-- Aim of the exercise --
Below are some records. Output the lines from the first one through the line that holds "#9=PRODUCT_DEFINITION_SHAPE('','',#8);", exactly as written, with no pictures.

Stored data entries
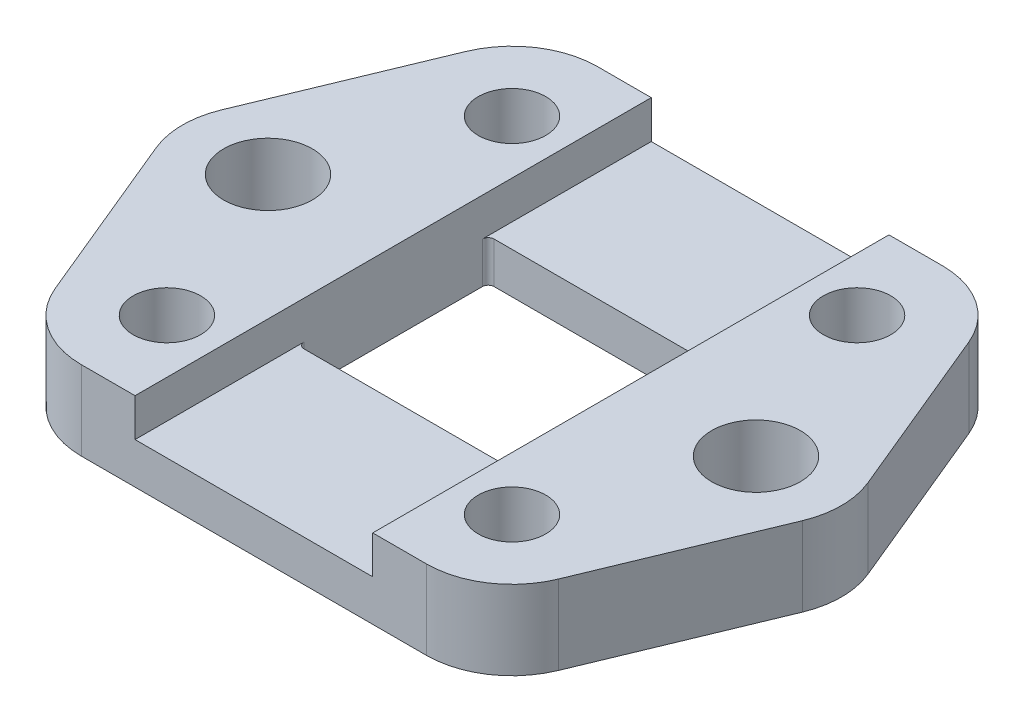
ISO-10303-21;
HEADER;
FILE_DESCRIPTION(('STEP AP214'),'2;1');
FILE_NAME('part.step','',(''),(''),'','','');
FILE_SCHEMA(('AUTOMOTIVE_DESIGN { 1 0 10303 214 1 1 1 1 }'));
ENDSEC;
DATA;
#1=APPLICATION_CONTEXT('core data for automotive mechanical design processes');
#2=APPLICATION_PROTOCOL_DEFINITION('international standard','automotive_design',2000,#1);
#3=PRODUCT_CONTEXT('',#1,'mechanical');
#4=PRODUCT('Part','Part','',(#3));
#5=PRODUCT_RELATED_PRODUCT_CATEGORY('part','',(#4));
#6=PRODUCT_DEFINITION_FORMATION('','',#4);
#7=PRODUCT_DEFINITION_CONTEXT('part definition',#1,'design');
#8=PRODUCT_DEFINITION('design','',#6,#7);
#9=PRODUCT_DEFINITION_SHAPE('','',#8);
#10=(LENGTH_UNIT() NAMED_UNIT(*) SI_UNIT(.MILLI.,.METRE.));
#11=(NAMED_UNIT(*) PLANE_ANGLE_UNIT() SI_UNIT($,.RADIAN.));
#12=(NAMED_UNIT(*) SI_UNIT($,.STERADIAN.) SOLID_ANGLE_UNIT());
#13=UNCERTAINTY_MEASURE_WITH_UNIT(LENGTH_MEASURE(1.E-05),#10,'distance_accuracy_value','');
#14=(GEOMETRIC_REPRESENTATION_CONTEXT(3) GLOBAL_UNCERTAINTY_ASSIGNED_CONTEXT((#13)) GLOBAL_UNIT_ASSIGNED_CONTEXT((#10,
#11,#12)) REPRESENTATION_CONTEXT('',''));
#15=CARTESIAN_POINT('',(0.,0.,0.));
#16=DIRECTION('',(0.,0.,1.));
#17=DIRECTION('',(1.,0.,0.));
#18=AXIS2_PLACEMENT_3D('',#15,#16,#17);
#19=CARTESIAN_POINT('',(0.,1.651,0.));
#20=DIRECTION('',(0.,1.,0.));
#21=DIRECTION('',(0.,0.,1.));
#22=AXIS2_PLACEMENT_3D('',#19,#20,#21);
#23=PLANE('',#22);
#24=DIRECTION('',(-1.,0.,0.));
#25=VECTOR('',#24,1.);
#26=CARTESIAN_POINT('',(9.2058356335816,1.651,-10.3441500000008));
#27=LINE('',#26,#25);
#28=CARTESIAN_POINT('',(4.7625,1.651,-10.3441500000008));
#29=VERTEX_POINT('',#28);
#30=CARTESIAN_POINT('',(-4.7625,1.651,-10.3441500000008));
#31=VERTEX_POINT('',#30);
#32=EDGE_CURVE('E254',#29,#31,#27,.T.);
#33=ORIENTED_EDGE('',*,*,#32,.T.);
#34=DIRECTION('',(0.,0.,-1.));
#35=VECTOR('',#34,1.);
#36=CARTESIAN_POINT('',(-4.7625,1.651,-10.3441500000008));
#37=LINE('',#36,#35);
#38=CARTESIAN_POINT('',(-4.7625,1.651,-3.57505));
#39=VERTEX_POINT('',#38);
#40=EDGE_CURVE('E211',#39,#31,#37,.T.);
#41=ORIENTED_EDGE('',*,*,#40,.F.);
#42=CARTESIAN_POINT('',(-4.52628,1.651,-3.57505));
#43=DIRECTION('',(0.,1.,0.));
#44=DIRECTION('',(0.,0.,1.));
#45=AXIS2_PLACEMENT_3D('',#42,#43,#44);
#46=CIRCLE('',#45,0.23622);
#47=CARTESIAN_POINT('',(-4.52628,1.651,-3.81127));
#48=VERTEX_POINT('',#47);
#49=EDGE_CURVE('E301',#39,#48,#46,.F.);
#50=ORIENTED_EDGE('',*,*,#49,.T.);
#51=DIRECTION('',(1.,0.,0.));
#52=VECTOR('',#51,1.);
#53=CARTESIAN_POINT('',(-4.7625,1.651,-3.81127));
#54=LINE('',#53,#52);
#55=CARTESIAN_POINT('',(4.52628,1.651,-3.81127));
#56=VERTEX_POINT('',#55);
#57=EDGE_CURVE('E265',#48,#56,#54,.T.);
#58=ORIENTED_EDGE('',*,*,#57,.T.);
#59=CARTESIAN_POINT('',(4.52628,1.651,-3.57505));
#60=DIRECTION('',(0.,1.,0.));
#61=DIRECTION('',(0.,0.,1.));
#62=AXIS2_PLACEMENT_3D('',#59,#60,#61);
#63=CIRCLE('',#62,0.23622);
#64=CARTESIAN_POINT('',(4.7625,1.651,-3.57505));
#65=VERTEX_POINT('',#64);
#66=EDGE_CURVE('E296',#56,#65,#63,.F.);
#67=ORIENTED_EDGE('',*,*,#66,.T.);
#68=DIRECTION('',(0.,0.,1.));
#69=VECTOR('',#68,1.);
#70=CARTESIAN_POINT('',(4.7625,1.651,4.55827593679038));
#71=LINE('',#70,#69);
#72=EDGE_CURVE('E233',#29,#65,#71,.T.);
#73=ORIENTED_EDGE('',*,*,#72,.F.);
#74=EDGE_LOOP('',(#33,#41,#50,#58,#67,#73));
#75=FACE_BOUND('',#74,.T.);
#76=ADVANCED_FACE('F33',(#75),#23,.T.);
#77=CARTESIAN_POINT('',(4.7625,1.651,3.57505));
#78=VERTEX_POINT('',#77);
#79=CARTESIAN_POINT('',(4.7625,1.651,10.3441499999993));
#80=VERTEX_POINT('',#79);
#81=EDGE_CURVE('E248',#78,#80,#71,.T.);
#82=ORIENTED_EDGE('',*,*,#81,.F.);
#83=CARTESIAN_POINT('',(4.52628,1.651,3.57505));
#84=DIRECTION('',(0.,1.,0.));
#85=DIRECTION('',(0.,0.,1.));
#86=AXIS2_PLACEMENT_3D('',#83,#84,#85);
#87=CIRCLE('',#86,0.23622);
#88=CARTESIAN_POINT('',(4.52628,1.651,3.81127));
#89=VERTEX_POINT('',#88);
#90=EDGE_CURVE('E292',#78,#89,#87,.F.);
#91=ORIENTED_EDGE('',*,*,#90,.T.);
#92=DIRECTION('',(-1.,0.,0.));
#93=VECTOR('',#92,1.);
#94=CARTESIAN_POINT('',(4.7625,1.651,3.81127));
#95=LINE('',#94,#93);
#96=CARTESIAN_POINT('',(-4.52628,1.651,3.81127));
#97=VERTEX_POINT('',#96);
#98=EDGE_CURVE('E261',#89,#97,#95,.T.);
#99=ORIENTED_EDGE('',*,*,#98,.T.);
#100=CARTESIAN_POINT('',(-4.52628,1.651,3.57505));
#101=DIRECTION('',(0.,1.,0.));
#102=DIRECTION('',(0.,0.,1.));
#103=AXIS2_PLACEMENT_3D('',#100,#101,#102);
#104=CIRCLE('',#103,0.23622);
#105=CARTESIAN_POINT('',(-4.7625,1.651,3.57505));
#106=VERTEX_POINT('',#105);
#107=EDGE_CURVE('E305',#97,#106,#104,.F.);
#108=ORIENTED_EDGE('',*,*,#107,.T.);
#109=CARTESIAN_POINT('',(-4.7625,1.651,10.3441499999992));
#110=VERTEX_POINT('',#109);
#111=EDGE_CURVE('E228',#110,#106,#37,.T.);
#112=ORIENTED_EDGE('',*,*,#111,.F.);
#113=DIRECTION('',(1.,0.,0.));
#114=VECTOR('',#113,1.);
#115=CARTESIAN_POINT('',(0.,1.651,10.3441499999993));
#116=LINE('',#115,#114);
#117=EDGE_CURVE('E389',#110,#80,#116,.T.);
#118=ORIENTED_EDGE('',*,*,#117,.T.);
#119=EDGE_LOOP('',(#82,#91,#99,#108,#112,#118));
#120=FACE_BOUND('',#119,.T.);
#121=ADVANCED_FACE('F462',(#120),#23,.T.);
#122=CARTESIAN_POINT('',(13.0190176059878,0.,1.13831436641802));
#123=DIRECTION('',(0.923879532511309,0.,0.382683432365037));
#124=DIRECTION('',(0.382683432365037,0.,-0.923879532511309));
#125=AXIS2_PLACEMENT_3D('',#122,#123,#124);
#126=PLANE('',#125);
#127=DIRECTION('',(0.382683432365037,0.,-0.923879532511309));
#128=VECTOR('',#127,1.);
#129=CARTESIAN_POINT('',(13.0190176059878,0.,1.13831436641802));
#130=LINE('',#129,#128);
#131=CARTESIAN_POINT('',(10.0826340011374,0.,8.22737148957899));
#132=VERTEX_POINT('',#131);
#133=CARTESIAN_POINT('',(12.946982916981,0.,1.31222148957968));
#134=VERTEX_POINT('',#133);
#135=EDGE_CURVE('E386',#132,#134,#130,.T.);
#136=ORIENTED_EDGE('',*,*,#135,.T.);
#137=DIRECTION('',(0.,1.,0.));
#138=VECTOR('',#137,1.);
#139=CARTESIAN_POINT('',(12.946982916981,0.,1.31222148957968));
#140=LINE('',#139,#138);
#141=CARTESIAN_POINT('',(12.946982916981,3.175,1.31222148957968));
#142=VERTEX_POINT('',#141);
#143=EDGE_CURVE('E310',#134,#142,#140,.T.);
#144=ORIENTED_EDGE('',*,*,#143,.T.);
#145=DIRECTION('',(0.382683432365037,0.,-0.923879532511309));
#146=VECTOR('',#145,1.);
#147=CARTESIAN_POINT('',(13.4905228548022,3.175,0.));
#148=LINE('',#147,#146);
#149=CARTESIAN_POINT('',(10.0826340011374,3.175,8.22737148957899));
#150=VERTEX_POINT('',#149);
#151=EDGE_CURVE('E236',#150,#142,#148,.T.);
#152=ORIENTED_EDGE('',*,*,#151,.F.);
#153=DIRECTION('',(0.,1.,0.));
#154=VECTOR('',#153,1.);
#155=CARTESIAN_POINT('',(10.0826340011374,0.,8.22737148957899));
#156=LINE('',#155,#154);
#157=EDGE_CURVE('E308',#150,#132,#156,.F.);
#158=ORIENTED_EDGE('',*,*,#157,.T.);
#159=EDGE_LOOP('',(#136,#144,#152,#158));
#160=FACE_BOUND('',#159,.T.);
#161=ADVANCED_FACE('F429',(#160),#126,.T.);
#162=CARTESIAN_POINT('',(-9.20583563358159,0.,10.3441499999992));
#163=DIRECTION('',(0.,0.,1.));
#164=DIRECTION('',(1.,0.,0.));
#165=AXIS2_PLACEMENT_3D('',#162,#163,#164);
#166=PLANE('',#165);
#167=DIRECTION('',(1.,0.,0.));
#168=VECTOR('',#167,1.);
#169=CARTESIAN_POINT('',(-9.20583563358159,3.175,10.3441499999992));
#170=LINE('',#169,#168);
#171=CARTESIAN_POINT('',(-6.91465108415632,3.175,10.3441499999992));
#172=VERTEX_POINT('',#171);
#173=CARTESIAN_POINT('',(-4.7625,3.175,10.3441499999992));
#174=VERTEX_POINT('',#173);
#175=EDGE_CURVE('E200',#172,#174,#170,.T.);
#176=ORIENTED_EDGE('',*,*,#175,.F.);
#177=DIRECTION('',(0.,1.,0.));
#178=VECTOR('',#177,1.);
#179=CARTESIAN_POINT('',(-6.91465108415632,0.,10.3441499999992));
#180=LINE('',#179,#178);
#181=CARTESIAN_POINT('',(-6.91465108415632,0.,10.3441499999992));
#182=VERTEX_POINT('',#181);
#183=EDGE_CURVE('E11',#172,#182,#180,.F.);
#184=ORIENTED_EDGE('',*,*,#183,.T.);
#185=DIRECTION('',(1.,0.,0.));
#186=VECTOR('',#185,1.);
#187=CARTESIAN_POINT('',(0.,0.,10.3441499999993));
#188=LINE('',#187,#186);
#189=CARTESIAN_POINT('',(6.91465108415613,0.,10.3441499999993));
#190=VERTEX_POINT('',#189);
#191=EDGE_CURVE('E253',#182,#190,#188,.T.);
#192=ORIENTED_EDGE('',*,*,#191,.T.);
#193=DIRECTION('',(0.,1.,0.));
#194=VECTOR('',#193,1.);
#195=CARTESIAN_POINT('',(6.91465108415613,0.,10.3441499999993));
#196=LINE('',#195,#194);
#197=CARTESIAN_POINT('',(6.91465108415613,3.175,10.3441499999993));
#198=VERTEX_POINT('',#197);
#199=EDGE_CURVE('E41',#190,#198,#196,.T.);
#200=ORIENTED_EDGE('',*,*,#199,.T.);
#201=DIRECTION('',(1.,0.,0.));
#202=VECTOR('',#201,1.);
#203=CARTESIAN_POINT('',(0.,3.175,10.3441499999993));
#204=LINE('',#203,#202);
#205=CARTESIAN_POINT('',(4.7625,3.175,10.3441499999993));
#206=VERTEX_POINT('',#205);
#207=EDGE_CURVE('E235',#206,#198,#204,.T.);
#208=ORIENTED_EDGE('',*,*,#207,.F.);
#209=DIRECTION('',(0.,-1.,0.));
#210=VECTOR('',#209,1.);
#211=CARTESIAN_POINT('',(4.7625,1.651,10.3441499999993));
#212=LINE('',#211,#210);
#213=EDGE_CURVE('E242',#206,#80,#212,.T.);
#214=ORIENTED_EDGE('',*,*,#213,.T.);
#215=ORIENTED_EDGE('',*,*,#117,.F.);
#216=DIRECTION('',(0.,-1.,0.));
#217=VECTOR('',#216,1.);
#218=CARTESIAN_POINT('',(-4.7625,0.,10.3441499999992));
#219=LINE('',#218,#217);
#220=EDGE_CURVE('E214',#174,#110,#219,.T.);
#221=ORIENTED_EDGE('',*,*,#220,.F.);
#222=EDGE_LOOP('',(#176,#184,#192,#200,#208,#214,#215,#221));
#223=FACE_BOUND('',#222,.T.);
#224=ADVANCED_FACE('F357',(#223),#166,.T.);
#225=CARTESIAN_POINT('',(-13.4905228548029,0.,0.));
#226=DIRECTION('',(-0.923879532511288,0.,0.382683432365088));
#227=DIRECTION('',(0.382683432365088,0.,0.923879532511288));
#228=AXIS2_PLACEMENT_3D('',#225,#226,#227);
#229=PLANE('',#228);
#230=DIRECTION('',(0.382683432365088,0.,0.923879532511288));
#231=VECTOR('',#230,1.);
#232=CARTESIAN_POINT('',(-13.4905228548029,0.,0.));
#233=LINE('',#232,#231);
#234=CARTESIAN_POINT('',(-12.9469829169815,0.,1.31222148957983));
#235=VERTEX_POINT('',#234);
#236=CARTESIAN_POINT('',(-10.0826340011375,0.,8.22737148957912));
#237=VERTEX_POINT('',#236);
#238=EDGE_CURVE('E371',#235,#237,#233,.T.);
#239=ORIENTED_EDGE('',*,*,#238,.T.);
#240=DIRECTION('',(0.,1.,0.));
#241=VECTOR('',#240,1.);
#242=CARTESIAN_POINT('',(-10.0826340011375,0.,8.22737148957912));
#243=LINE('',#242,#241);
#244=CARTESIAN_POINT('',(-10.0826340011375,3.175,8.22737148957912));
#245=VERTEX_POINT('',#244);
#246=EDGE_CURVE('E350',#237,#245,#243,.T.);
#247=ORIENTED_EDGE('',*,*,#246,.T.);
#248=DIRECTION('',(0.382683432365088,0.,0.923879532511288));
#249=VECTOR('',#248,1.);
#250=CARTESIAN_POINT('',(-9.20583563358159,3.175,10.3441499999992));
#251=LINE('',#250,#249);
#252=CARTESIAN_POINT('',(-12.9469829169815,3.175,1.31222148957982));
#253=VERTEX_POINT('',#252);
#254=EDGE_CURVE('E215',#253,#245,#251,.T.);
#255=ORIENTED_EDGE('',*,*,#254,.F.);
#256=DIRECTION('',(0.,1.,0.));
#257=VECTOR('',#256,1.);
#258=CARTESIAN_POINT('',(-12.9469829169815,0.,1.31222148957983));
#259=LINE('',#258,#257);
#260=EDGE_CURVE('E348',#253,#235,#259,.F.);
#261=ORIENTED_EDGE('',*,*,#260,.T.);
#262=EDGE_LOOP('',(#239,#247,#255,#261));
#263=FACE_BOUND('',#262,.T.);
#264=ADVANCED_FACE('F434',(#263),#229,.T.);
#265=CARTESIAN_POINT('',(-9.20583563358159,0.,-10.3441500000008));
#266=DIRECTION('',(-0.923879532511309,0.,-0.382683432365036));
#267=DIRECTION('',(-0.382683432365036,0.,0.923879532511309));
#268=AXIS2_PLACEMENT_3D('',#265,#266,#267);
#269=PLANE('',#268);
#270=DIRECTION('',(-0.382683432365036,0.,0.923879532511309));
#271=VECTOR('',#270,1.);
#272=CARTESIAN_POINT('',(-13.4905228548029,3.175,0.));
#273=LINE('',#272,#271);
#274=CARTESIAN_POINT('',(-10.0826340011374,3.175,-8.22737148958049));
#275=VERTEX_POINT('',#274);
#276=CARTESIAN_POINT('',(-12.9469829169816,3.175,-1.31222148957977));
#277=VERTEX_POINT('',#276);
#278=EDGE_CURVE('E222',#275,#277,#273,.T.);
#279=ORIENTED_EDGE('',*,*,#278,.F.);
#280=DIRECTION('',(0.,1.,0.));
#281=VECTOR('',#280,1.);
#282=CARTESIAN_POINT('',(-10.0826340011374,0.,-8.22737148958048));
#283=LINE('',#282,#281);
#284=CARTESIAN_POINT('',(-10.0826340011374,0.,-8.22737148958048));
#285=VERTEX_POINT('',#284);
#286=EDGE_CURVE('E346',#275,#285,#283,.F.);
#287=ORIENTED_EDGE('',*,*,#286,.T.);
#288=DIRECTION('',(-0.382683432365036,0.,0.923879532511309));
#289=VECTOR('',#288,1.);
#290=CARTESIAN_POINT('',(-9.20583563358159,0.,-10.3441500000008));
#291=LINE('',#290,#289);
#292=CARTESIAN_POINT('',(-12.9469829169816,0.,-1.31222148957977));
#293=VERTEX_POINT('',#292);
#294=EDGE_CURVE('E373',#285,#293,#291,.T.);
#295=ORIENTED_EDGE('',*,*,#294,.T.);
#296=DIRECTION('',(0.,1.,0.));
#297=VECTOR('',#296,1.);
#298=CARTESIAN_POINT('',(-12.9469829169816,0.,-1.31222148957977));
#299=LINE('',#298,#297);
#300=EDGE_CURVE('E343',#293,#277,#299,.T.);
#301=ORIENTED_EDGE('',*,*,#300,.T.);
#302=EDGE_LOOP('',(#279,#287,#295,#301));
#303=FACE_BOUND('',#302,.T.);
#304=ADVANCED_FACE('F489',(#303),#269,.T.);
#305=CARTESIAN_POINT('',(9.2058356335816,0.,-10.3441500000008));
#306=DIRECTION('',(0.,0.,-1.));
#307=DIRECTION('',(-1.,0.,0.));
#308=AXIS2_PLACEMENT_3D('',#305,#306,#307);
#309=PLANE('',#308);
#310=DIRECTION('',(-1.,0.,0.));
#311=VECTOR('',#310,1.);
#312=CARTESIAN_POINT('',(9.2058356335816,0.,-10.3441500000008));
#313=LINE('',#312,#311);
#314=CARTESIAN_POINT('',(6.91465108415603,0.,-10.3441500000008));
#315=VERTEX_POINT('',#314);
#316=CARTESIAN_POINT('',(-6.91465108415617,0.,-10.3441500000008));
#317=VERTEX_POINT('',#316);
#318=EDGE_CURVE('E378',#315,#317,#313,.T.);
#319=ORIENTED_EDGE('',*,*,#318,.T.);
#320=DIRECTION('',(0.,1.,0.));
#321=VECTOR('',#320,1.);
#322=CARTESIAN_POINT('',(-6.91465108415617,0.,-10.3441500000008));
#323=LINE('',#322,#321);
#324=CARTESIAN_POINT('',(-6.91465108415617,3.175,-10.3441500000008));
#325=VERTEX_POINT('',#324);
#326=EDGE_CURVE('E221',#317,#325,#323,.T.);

-- Solution below --
ISO-10303-21;
HEADER;
FILE_DESCRIPTION(('STEP AP214'),'2;1');
FILE_NAME('part.step','',(''),(''),'','','');
FILE_SCHEMA(('AUTOMOTIVE_DESIGN { 1 0 10303 214 1 1 1 1 }'));
ENDSEC;
DATA;
#1=APPLICATION_CONTEXT('core data for automotive mechanical design processes');
#2=APPLICATION_PROTOCOL_DEFINITION('international standard','automotive_design',2000,#1);
#3=PRODUCT_CONTEXT('',#1,'mechanical');
#4=PRODUCT('Part','Part','',(#3));
#5=PRODUCT_RELATED_PRODUCT_CATEGORY('part','',(#4));
#6=PRODUCT_DEFINITION_FORMATION('','',#4);
#7=PRODUCT_DEFINITION_CONTEXT('part definition',#1,'design');
#8=PRODUCT_DEFINITION('design','',#6,#7);
#9=PRODUCT_DEFINITION_SHAPE('','',#8);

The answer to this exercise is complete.